Letting agents who forget to give tenants a valid gas safety certificate at the beginning of a tenancy may now be let off the hook if they later have to evict a tenant using a Section 21 notice.
Three Court of Appeal judges yesterday agreed that instead, as long as a certificate is served prior to the S21 notice and was valid before and during the tenancy, the eviction can proceed.
The case is a landmark ruling and has been rumbling on for two years. Known as Trecarrell House Ltd vs Patricia Rouncefield, the tenant claimed that she could not be evicted because the law requires a gas safety certificate to be given to a tenant when they move in.

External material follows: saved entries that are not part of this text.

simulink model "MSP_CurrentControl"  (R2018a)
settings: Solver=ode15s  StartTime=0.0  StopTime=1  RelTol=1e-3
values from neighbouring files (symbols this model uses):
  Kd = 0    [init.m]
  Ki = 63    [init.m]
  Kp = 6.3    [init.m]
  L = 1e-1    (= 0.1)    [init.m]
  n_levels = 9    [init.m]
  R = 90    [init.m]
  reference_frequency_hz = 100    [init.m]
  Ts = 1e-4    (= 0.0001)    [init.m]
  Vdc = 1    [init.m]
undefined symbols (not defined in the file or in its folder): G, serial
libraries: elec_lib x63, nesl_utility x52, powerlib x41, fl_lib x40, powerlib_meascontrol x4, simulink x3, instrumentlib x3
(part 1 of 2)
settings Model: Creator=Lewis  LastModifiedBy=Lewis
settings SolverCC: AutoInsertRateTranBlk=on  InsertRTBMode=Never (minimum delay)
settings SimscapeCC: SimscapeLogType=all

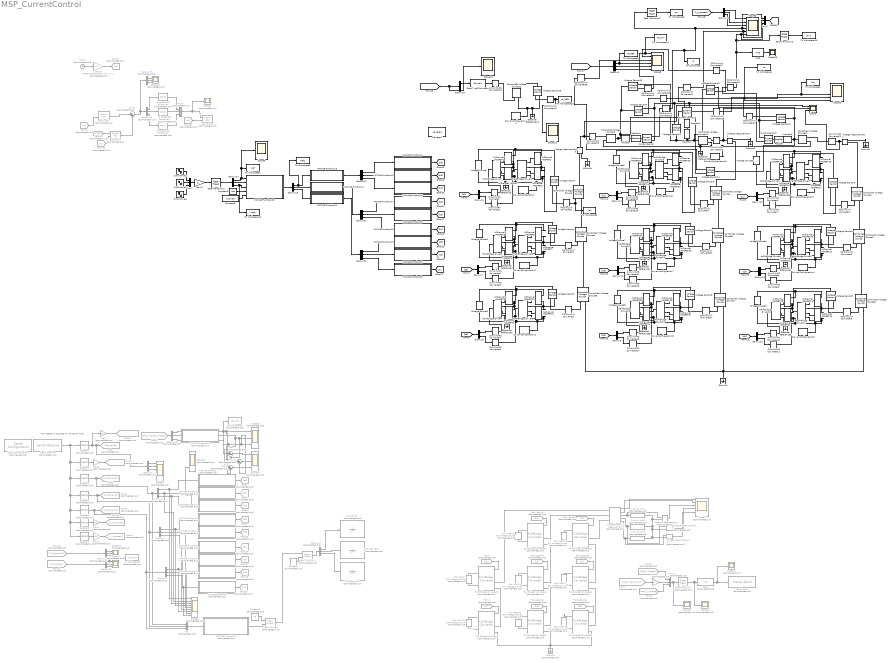
== system MSP_CurrentControl ==
  note: The header is dropped by the serial block
  1 ohm 5 mH1 : powerlib/Elements/Series RLC Branch  Commented=on  LConnTagsString=__new0  RConnTagsString=__new0  BranchType=RL  Resistance=R  Inductance=L  SetiL0=off  InitialCurrent=0  Capacitance=400e-6  Setx0=off  InitialVoltage=0  Measurements=None
  1 ohm 5 mH2 : powerlib/Elements/Series RLC Branch  Commented=on  LConnTagsString=__new0  RConnTagsString=__new0  BranchType=RL  Resistance=R  Inductance=L  SetiL0=off  InitialCurrent=0  Capacitance=400e-6  Setx0=off  InitialVoltage=0  Measurements=None
  1 ohm 5 mH3 : powerlib/Elements/Series RLC Branch  Commented=on  LConnTagsString=__new0  RConnTagsString=__new0  BranchType=RL  Resistance=R  Inductance=L  SetiL0=on  InitialCurrent=0  Capacitance=400e-6  Setx0=off  InitialVoltage=0  Measurements=None
  Cast : DataTypeConversion  Commented=on  OutDataTypeStr=int8  SaturateOnIntegerOverflow=on
  Clock1 : Clock  Commented=on
  Constant : Constant  Commented=on  Value=[9;3;1]
  Constant1 : Constant  Commented=on  Value=G
  Constant2 : Constant  Value=Vdc
  Constant3 : Constant  Value=n_levels
  Controlled Voltage Source{9..12} (4 alike) : fl_lib/Electrical/Electrical Sources/Controlled Voltage Source
  Controlled Voltage Source{,1..8} (9 alike) : powerlib/Electrical Sources/Controlled Voltage Source  Initialize=on  Source_Type=AC  Amplitude=0  Phase=0  Frequency=0  Measurements=None
  Current Sensor : fl_lib/Electrical/Electrical Sensors/Current Sensor
  Current Sensor1 : fl_lib/Electrical/Electrical Sensors/Current Sensor
  Current Sensor2 : fl_lib/Electrical/Electrical Sensors/Current Sensor
  Data Type Conversion : DataTypeConversion
  Demux{1..4,14..15,17..19,25} (10 alike) : Demux  Commented=on  Outputs=3
  Demux{6..13,16} (9 alike) : Demux  Outputs=2
  Demux{5,20..24,26..27} (8 alike) : Demux  Outputs=3
  Discrete PID Controller : simulink/Continuous/PID Controller  Commented=on  Controller=PID  TimeDomain=Discrete-time  SampleTime=-1  IntegratorMethod=Forward Euler  FilterMethod=Forward Euler  Form=Parallel  UseFilter=on  ControllerParametersSource=internal  P=Kp  I=Ki  D=Kd  N=100  InitialConditionSource=internal  InitialConditionForIntegrator=0  InitialConditionForFilter=0  ExternalReset=none  LimitOutput=off  UpperSaturationLimit=inf  LowerSaturationLimit=-inf  LinearizeAsGain=off  AntiWindupMode=none  Kb=1  TrackingMode=off  Kt=1  PParamMin=[]  PParamMax=[]  IParamMin=[]  IParamMax=[]  DParamMin=[]  DParamMax=[]  NParamMin=[]  NParamMax=[]  KbParamMin=[]  KbParamMax=[]  KtParamMin=[]  KtParamMax=[]  POutMin=[]  POutMax=[]  IOutMin=[]  IOutMax=[]  DOutMin=[]  DOutMax=[]  NOutMin=[]  NOutMax=[]  KbOutMin=[]  KbOutMax=[]  KtOutMin=[]  KtOutMax=[]  IntegratorOutMin=[]  IntegratorOutMax=[]  FilterOutMin=[]  FilterOutMax=[]  SumOutMin=[]  SumOutMax=[]  SumI1OutMin=[]  SumI1OutMax=[]  SumI2OutMin=[]  SumI2OutMax=[]  SumI3OutMin=[]  SumI3OutMax=[]  SumDOutMin=[]  SumDOutMax=[]  SaturationOutMin=[]  SaturationOutMax=[]  IntegratorContinuousStateAttributes=''  IntegratorStateMustResolveToSignalObject=off  IntegratorRTWStateStorageClass=Auto  FilterContinuousStateAttributes=''  FilterStateMustResolveToSignalObject=off  FilterRTWStateStorageClass=Auto  DifferentiatorICPrevScaledInput=0  DifferentiatorOutMin=[]  DifferentiatorOutMax=[]  FilterDiffOutCoefMin=[]  FilterDiffOutCoefMax=[]  SumDenOutMin=[]  SumDenOutMax=[]  SumNumOutMin=[]  SumNumOutMax=[]  ReciprocalOutMin=[]  ReciprocalOutMax=[]  DivideOutMin=[]  DivideOutMax=[]  TunerSelectOption=Transfer Function Based (PID Tuner App)
  Discrete PID Controller1 : simulink/Continuous/PID Controller  Commented=on  Controller=PID  TimeDomain=Discrete-time  SampleTime=-1  IntegratorMethod=Forward Euler  FilterMethod=Forward Euler  Form=Parallel  UseFilter=on  ControllerParametersSource=internal  P=Kp  I=Ki  D=Kd  N=100  InitialConditionSource=internal  InitialConditionForIntegrator=0  InitialConditionForFilter=0  ExternalReset=none  LimitOutput=off  UpperSaturationLimit=inf  LowerSaturationLimit=-inf  LinearizeAsGain=off  AntiWindupMode=none  Kb=1  TrackingMode=off  Kt=1  PParamMin=[]  PParamMax=[]  IParamMin=[]  IParamMax=[]  DParamMin=[]  DParamMax=[]  NParamMin=[]  NParamMax=[]  KbParamMin=[]  KbParamMax=[]  KtParamMin=[]  KtParamMax=[]  POutMin=[]  POutMax=[]  IOutMin=[]  IOutMax=[]  DOutMin=[]  DOutMax=[]  NOutMin=[]  NOutMax=[]  KbOutMin=[]  KbOutMax=[]  KtOutMin=[]  KtOutMax=[]  IntegratorOutMin=[]  IntegratorOutMax=[]  FilterOutMin=[]  FilterOutMax=[]  SumOutMin=[]  SumOutMax=[]  SumI1OutMin=[]  SumI1OutMax=[]  SumI2OutMin=[]  SumI2OutMax=[]  SumI3OutMin=[]  SumI3OutMax=[]  SumDOutMin=[]  SumDOutMax=[]  SaturationOutMin=[]  SaturationOutMax=[]  IntegratorContinuousStateAttributes=''  IntegratorStateMustResolveToSignalObject=off  IntegratorRTWStateStorageClass=Auto  FilterContinuousStateAttributes=''  FilterStateMustResolveToSignalObject=off  FilterRTWStateStorageClass=Auto  DifferentiatorICPrevScaledInput=0  DifferentiatorOutMin=[]  DifferentiatorOutMax=[]  FilterDiffOutCoefMin=[]  FilterDiffOutCoefMax=[]  SumDenOutMin=[]  SumDenOutMax=[]  SumNumOutMin=[]  SumNumOutMax=[]  ReciprocalOutMin=[]  ReciprocalOutMax=[]  DivideOutMin=[]  DivideOutMax=[]  TunerSelectOption=Transfer Function Based (PID Tuner App)
  Discrete PID Controller2 : simulink/Continuous/PID Controller  Commented=on  Controller=PID  TimeDomain=Discrete-time  SampleTime=-1  IntegratorMethod=Forward Euler  FilterMethod=Forward Euler  Form=Parallel  UseFilter=on  ControllerParametersSource=internal  P=Kp  I=Ki  D=Kd  N=100  InitialConditionSource=internal  InitialConditionForIntegrator=0  InitialConditionForFilter=0  ExternalReset=none  LimitOutput=off  UpperSaturationLimit=inf  LowerSaturationLimit=-inf  LinearizeAsGain=off  AntiWindupMode=none  Kb=1  TrackingMode=off  Kt=1  PParamMin=[]  PParamMax=[]  IParamMin=[]  IParamMax=[]  DParamMin=[]  DParamMax=[]  NParamMin=[]  NParamMax=[]  KbParamMin=[]  KbParamMax=[]  KtParamMin=[]  KtParamMax=[]  POutMin=[]  POutMax=[]  IOutMin=[]  IOutMax=[]  DOutMin=[]  DOutMax=[]  NOutMin=[]  NOutMax=[]  KbOutMin=[]  KbOutMax=[]  KtOutMin=[]  KtOutMax=[]  IntegratorOutMin=[]  IntegratorOutMax=[]  FilterOutMin=[]  FilterOutMax=[]  SumOutMin=[]  SumOutMax=[]  SumI1OutMin=[]  SumI1OutMax=[]  SumI2OutMin=[]  SumI2OutMax=[]  SumI3OutMin=[]  SumI3OutMax=[]  SumDOutMin=[]  SumDOutMax=[]  SaturationOutMin=[]  SaturationOutMax=[]  IntegratorContinuousStateAttributes=''  IntegratorStateMustResolveToSignalObject=off  IntegratorRTWStateStorageClass=Auto  FilterContinuousStateAttributes=''  FilterStateMustResolveToSignalObject=off  FilterRTWStateStorageClass=Auto  DifferentiatorICPrevScaledInput=0  DifferentiatorOutMin=[]  DifferentiatorOutMax=[]  FilterDiffOutCoefMin=[]  FilterDiffOutCoefMax=[]  SumDenOutMin=[]  SumDenOutMax=[]  SumNumOutMin=[]  SumNumOutMax=[]  ReciprocalOutMin=[]  ReciprocalOutMax=[]  DivideOutMin=[]  DivideOutMax=[]  TunerSelectOption=Transfer Function Based (PID Tuner App)
  Electrical Reference{,1..10} (11 alike) : fl_lib/Electrical/Electrical Elements/Electrical Reference
  From : From  Commented=on  GotoTag=a3
  From1 : From  Commented=on  GotoTag=a9
  From10 : From  Commented=on  GotoTag=V_XN_sensed
  From11 : From  Commented=on  GotoTag=I_ll_sensed
  From2 : From  Commented=on  GotoTag=abc_inverter_voltage
  From20 : From  Commented=on  GotoTag=I_meas
  From21 : From  Commented=on  GotoTag=wt
  From22 : From  Commented=on  GotoTag=wt
  From23 : From  Commented=on  GotoTag=wt
  From3 : From  Commented=on  GotoTag=load_voltage
  From4 : From  Commented=on  GotoTag=load_line_current
  From5 : From  Commented=on  GotoTag=load_ll_voltage
  From_Boost1 : From  Commented=on  GotoTag=b1
  From_Boost2 : From  Commented=on  GotoTag=c1
  From_Boost3 : From  Commented=on  GotoTag=c3
  From_Boost4 : From  Commented=on  GotoTag=c9
  From_Boost5 : From  Commented=on  GotoTag=b3
  From_Boost6 : From  Commented=on  GotoTag=b9
  Full-Bridge Converter : powerlib/Power Electronics/Full-Bridge Converter  Commented=on  ModelType=Switching devices  Ron=Ron  Rs=1e6  Cs=1e-3  Vforward=[ 0, 0 ]  Ron_Diode=1e-3  Rs_Diode=1e6  Cs_Diode=inf  Vf_Diode=1e-3  Rs_CurrentSource=1
      settings: AttributesFormatString=%<ModelType>  SourceProductName=Simscape Power Systems  SourceProductBaseCode=PS
  Full-Bridge Converter{1,4..8} (6 alike) : powerlib/Power Electronics/Full-Bridge Converter  Commented=on  ModelType=Switching devices  Ron=Ron  Rs=1e6  Cs=inf  Vforward=[ 0, 0 ]  Ron_Diode=1e-3  Rs_Diode=1e6  Cs_Diode=inf  Vf_Diode=1e-3  Rs_CurrentSource=1
      settings: AttributesFormatString=%<ModelType>  SourceProductName=Simscape Power Systems  SourceProductBaseCode=PS
  Full-Bridge Converter2 : powerlib/Power Electronics/Full-Bridge Converter  Commented=on  ModelType=Switching devices  Ron=Ron  Rs=1e6  Cs=1e-3  Vforward=[ 0, 0 ]  Ron_Diode=1e-3  Rs_Diode=1e6  Cs_Diode=inf  Vf_Diode=1e-3  Rs_CurrentSource=1
      settings: AttributesFormatString=%<ModelType>  SourceProductName=Simscape Power Systems  SourceProductBaseCode=PS
  Gain : Gain  Commented=on  Gain=Vdc
  Gain2 : Gain  Commented=on  Gain=64
  Gain3 : Gain  Commented=on  Gain=1/20
  Gain4 : Gain  Commented=on  Gain=1/2
  Gain5 : Gain  Gain=6
  Gain6 : Gain  Commented=on  Gain=reference_frequency_hz * 2 * pi
  Gain7 : Gain  Commented=on  Gain=1/64
  Goto : Goto  Commented=on  GotoTag=abc_levels
  Goto1 : Goto  Commented=on  GotoTag=ll_abc_reference
  Goto10 : Goto  Commented=on  GotoTag=V_XN_sensed
  Goto11 : Goto  Commented=on  GotoTag=I_ll_sensed
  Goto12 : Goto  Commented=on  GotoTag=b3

Rouncefield’s property had a valid gas certificate both before and during her tenancy but she was not given a copy prior to when she moved in during February 2017. She was served with a Section 21 notice on 1st May 2018.
After an initial lower court case and then an appeal, this latest judgement has firmly come down in the landlord’s favour.
The judges agreed that the legislation was unclear and sometimes contradictory and, despite agreeing that its aim was to ensure the safety of tenants and that was clear that a gas safety certificate should be given to any new tenant “before that tenant occupies those premises, the judgement points out the need for a certificate was a mere ‘procedural requirements’ and not a ‘substantive sanction”.
“We welcome the clarity that today’s ruling brings for the sector. Going forward, however, ministers remain committed to eventually getting rid of Section 21 altogether,” says John Stewart, Deputy Policy Director for the NRLA, which supported Trecarrell House during the initial stages of the case.